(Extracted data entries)
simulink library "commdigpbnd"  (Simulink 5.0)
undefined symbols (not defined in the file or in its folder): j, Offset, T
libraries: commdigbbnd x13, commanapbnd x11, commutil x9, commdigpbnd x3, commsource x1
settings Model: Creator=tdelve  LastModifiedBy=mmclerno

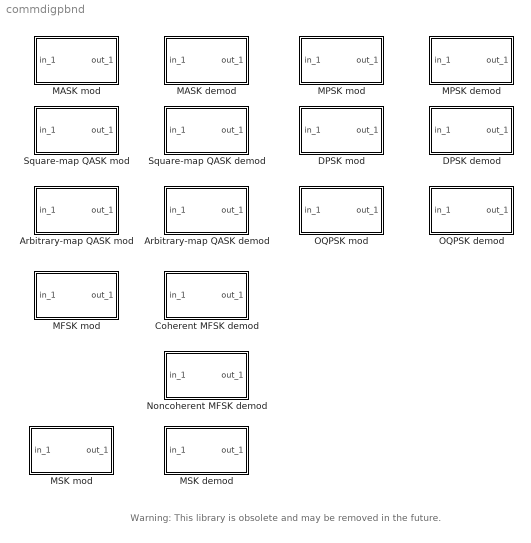
== system commdigpbnd ==
  note: Warning: This library is obsolete and may be removed in the future.
  Arbitrary-map QASK demod : Subsystem  mask(Passband A-map QASK demodulation){y1=real(exp(j*[0:8-1]/8*pi*2)), y2=imag(exp(j*[0:8-1]/8*pi*2)), td=0.1, Fc=100, Ph=0, ts=0.001}
      mask prompts: y1 "Vector of in-phase component:"; y2 "Vector of quadrature component:"; td "Symbol interval (sec):"; Fc "Carrier frequency (Hz):"; Ph "Initial phase (rad):"; ts "Sample time (sec):"
      mask help: Demodulate a QASK modulated signal with user-defined arbitrary constellation.
      mask init:
      | [num,den]=butter(5,Fc*2*ts);
      mask Help: This block demodulates a QASK modulated signal using user-defined arbitrary constellation. The arbitrary defined map is given in in-phase and quadrature component vector. The vector length of in-phase and quadrature components should have the same length. This block uses a default lowpass filter, which is [num,den]=butter(5,Fc*2*ts). Ungroup this block to define your own filter.
      mask Display:
      | plot(0,0,100,100,[5+1.5*[[0:.8:10] [10 20] [20:.8:30]] 50 50 50 50+15*[0 1 1 2 2 3]],[85+10*[sin([0:.8:10]*pi*2/5) 0 0 sin([20:.8:30]*pi*2/5)] 85 99 75 85+8*[1 1 -1 -1 1 1]]);
      | disp('\nPassband\nA-QASK')
  Arbitrary-map QASK mod : Subsystem  mask(Passband A-map QASK modulation){y1=real(exp(j*[0:8-1]/8*pi*2)), y2=imag(exp(j*[0:8-1]/8*pi*2)), td=0.1, Fc=100, Ph=0, ts=0.001}
      mask prompts: y1 "Vector of in-phase component:"; y2 "Vector of quadrature component:"; td "Symbol interval (sec):"; Fc "Carrier frequency (Hz):"; Ph "Initial phase (rad):"; ts "Sample time (sec):"
      mask help: Modulate the input digital signal using quadrature amplitude shift keying method with arbitrary constellation.
      mask Help: This block modulates a digital signal using QASK method with user-defined arbitrary constellation. The vector length of the in-phase and quadrature components vector should have the same length. The inputs are integers in the range [0, M-1], where M is the M-ary number. When the symbol interval is a two-element vector, the second element is the offset (default 0).
      mask Display:
      | plot(0,0,100,100,[5+15*[0 1 1 2 2 3] 50 50 50 50+1.5*[[0:.8:10] [10 20] [20:.8:30]]],[85+8*[1 1 -1 -1 1 1] 85 99 75 85+10*[sin([0:.8:10]*pi*2/5) 0 0 sin([20:.8:30]*pi*2/5)]]);
      | disp('\nPassband\nA-QASK')
  Coherent MFSK demod : Subsystem  mask(Passband MFSK demodulation){M=8, Ton=8/.1/5, td=0.1, Fc=100, Ph=0, ts=0.001}
      mask prompts: M "M-ary number (output digits in range [0, M-1]):"; Ton "Tone space (Hz):"; td "Symbol interval (sec):"; Fc "Carrier frequency (Hz):"; Ph "Initial phase (rad):"; ts "Sample time (sec):"
      mask help: Demodulate a MFSK modulated signal using coherent demodulation method.
      mask Help: This block demodulates a MFSK modulated signal using coherent method. The coherence demodulation method is phase sensitive. The tone space is the frequency distance between two consecutive digit after the modulation. The inputs are integers in the range [0, M-1], where M is the M-ary number. When the symbol interval is a two-element vector, the second element is the offset (default 0).
      mask Display:
      | plot(0,0,100,100,[5+1.5*[[0:.8:10] [10:1.6:20] [20:.8:30]] 50 50 50 50+15*[0 1 1 2 2 3]],[85+10*[sin([0:.8:10]*pi*2/5) sin([10:1.6:20]*pi/5) sin([20:.8:30]*pi*2/5)] 85 99 75 85+8*[1 1 -1 -1 1 1]]);
      | disp('\nPassband\nCohe MFSK')
  DPSK demod : Subsystem  mask(Passband DPSK demodulation){td=0.1, Fc=100, Ph=0, ts=0.001}
      mask prompts: td "Symbol interval (sec):"; Fc "Carrier frequency (Hz):"; Ph "Initial phase (rad):"; ts "Sample time (sec):"
      mask help: Demodulate a DPSK modulated signal.
      mask Help: This block demodulates a DPSK modulated signal using the digital MPSK Demod block and the Differential Decoder block. The input is a modulated analog signal and the output is a demodulated binary signal. Match the parameters to the ones used in the corresponding DPSK Mod block. The offset value in Symbol interval can be different.
      mask Display:
      | plot(0,0,100,100,[5+1.5*[[0:.8:10] [10:1.6:20] [20:.8:30]] 50 50 50 50+15*[0 1 1 2 2 3]],[85+10*[sin([0:.8:10]*pi*2/5) sin([10:1.6:20]*pi/5) sin([20:.8:30]*pi*2/5)] 85 99 75 85+8*[1 1 -1 -1 1 1]]);
      | disp('\nPassband\nDPSK')
  DPSK mod : Subsystem  mask(Passband DPSK modulation){td=0.1, Fc=100, Ph=0, ts=0.001}
      mask prompts: td "Symbol interval (sec):"; Fc "Carrier frequency (Hz):"; Ph "Initial phase (rad):"; ts "Sample time (sec):"
      mask help: Modulate the input signal using differential phase shift keying method.
      mask Help: This block modulates a digital signal with a given carrier frequency using the DPSK method. The input to this block is a binary signal. When the symbol interval is a two-element vector, the second element is the offset (default is 0). The output is a modulated analog signal with a maximum amplitude equal to 1.
      mask Display:
      | plot(0,0,100,100,[5+15*[0 1 1 2 2 3] 50 50 50 50+1.5*[[0:.8:10] [10:1.6:20] [20:.8:30]]],[85+8*[1 1 -1 -1 1 1] 85 99 75 85+10*[sin([0:.8:10]*pi*2/5) sin([10:1.6:20]*pi/5) sin([20:.8:30]*pi*2/5)]]);
      | disp('\nPassband\nDPSK')
  MASK demod : Subsystem  mask(Passband MASK demodulation){M=8, td=0.1, Fc=100, Ph=0, ts=0.001}
      mask prompts: M "M-ary number (output integer in range [0, M-1]):"; td "Symbol interval (sec):"; Fc "Carrier Frequency (Hz):"; Ph "Initial phase (rad):"; ts "Sample time (sec):"
      mask help: Demodulate a MASK modulated signal.
      mask init:
      | [num,den]=butter(5,Fc*2*ts);
      mask Help: This block demodulates a MASK modulated signal. The output signals are digits in range [0, M-1]. When the symbol interval is a two element vector, the second element is the offset (default 0). A default lowpass filter is used in the demodulation, which is [num, den]=butter(5, Fc*2*ts). Ungroup this block to specify the numerator and denominator of the lowpass filter.
      mask Display:
      | plot(0,0,100,100,[5+1.5*[[0:.8:10] [10 20] [20:.8:30]] 50 50 50 50+15*[0 1 1 2 2 3]],[85+10*[sin([0:.8:10]*pi*2/5) 0 0 sin([20:.8:30]*pi*2/5)] 85 99 75 85+8*[1 1 -1 -1 1 1]]);
      | disp('\nPassband\nMASK');
  MASK mod : Subsystem  mask(Passband MASK modulation){M=8, td=0.1, Fc=100, Ph=0, ts=0.001}
      mask prompts: M "M-ary number (input integer in range [0, M-1]):"; td "Input symbol interval (sec):"; Fc "Carrier frequency (Hz):"; Ph "Carrier initial phase (rad):"; ts "Sample time (sec):"
      mask help: Modulate the input digital signal using M-ary amplitude shift keying method.
      mask Help: This block modulates a digital signal using MASK method. The inputs are integers in the range [0, M-1], where M is the M-ary number. When the symbol interval is a two-element vector, the second element is the offset (default 0). The block keeps the input value at the offset time point for the entire interval.
      mask Display:
      | plot(0,0,100,100,[5+15*[0 1 1 2 2 3] 50 50 50 50+1.5*[[0:.8:10] [10 20] [20:.8:30]]],[85+8*[1 1 -1 -1 1 1] 85 99 75 85+10*[sin([0:.8:10]*pi*2/5) 0 0 sin([20:.8:30]*pi*2/5)]]);
      | disp('\nPassband\nMASK')
  MFSK mod : Subsystem  mask(Passband FSK modulation){Ton=8/.1/5, td=0.1, Fc=100, Ph=0, ts=0.001}
      mask prompts: Ton "Tone space(Hz):"; td "Symbol interval (sec):"; Fc "Carrier frequency (Hz):"; Ph "Initial phase (rad):"; ts "Sample time (sec):"
      mask help: Modulate the input digital signal using M-ary frequency shift keying method.
      mask Help: This block modulates a digital signal using FSK method. The modulation resets the modulation phase to be the specified initial phase at the beginning of each digit. Tone space is the frequency distance between two consecutive digits after modulation. The output signal has its frequency in the range [Fc, Fc + Tone_space*Max_In_Value], where Fc is the carrier frequency.
      mask Display:
      | plot(0,0,100,100,[5+15*[0 1 1 2 2 3] 50 50 50 50+1.5*[[0:.8:10] [10:1.6:20] [20:.8:30]]],[85+8*[1 1 -1 -1 1 1] 85 99 75 85+10*[sin([0:.8:10]*pi*2/5) sin([10:1.6:20]*pi/5) sin([20:.8:30]*pi*2/5)]]);
      | disp('\nPassband\nMFSK');
  MPSK demod : Subsystem  mask(Passband MPSK demodulation){M=8, td=0.1, Fc=100, Ph=0, ts=0.001}
      mask prompts: M "M-ary number (output integer in range [0, M-1]):"; td "Symbol interval (sec):"; Fc "Carrier frequency (Hz):"; Ph "Initial phase (rad):"; ts "Sample time (sec):"
      mask help: Demodulate a MPSK modulated signal using correlation method.
      mask Help: This block demodulates a MPSK modulated signal using correlation method. The output signals are digits in range [0, M-1], where M is the M-ary number. When the symbol interval is a two-element vector, the second element is the offset (default 0).
      mask Display:
      | plot(0,0,100,100,[5+1.5*[[0:.8:10] [10:1.6:20] [20:.8:30]] 50 50 50 50+15*[0 1 1 2 2 3]],[85+10*[sin([0:.8:10]*pi*2/5) sin([10:1.6:20]*pi/5) sin([20:.8:30]*pi*2/5)] 85 99 75 85+8*[1 1 -1 -1 1 1]]);
      | disp('\nPassband\nMPSK')
  MPSK mod : Subsystem  mask(Passband MPSK modulation){M=8, td=0.1, Fc=100, Ph=0, ts=0.001}
      mask prompts: M "M-ary number (input integer in range [0, M-1]):"; td "Symbol interval (sec):"; Fc "Carrier frequency (Hz):"; Ph "Initial phase (rad):"; ts "Sample time (sec):"
      mask help: Modulate the input signal using M-ary phase shift keying method.
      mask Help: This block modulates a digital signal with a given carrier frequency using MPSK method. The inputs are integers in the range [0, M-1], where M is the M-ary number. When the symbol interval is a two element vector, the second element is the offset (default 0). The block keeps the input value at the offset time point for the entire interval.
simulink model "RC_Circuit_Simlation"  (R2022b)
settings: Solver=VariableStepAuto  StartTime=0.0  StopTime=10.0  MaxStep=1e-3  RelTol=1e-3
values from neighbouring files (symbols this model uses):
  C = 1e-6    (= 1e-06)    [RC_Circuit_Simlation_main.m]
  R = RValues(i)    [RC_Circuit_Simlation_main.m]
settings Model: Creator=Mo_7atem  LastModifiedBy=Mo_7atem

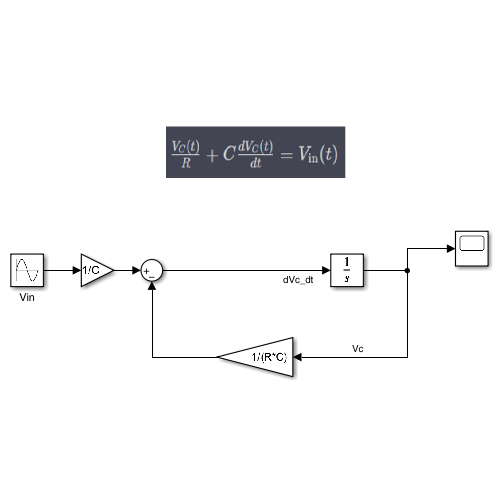
[thumbnail: Simulink's stored preview of the top-level diagram]
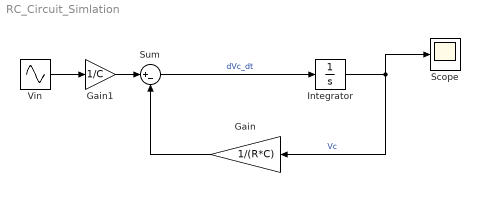
== system RC_Circuit_Simlation ==
  Gain : Gain  Gain=1/(R*C)
  Gain1 : Gain  Gain=1/C
  Integrator : Integrator
  Scope : Scope
  Sum : Sum  Inputs=|+-
  Vin : Sin  Amplitude=5  Frequency=2*pi  SampleTime=0
  wires:
  Vin/1 -> Gain1/1
  Integrator/1 -> Scope/1, Gain/1  "Vc"
  Sum/1 -> Integrator/1  "dVc_dt"
  Gain/1 -> Sum/2
  Gain1/1 -> Sum/1

[About this task]: Lines that hold "real" are the ones to copy, so pick each out from the data.

[Exercise result]:
  Arbitrary-map QASK demod : Subsystem  mask(Passband A-map QASK demodulation){y1=real(exp(j*[0:8-1]/8*pi*2)), y2=imag(exp(j*[0:8-1]/8*pi*2)), td=0.1, Fc=100, Ph=0, ts=0.001}
  Arbitrary-map QASK mod : Subsystem  mask(Passband A-map QASK modulation){y1=real(exp(j*[0:8-1]/8*pi*2)), y2=imag(exp(j*[0:8-1]/8*pi*2)), td=0.1, Fc=100, Ph=0, ts=0.001}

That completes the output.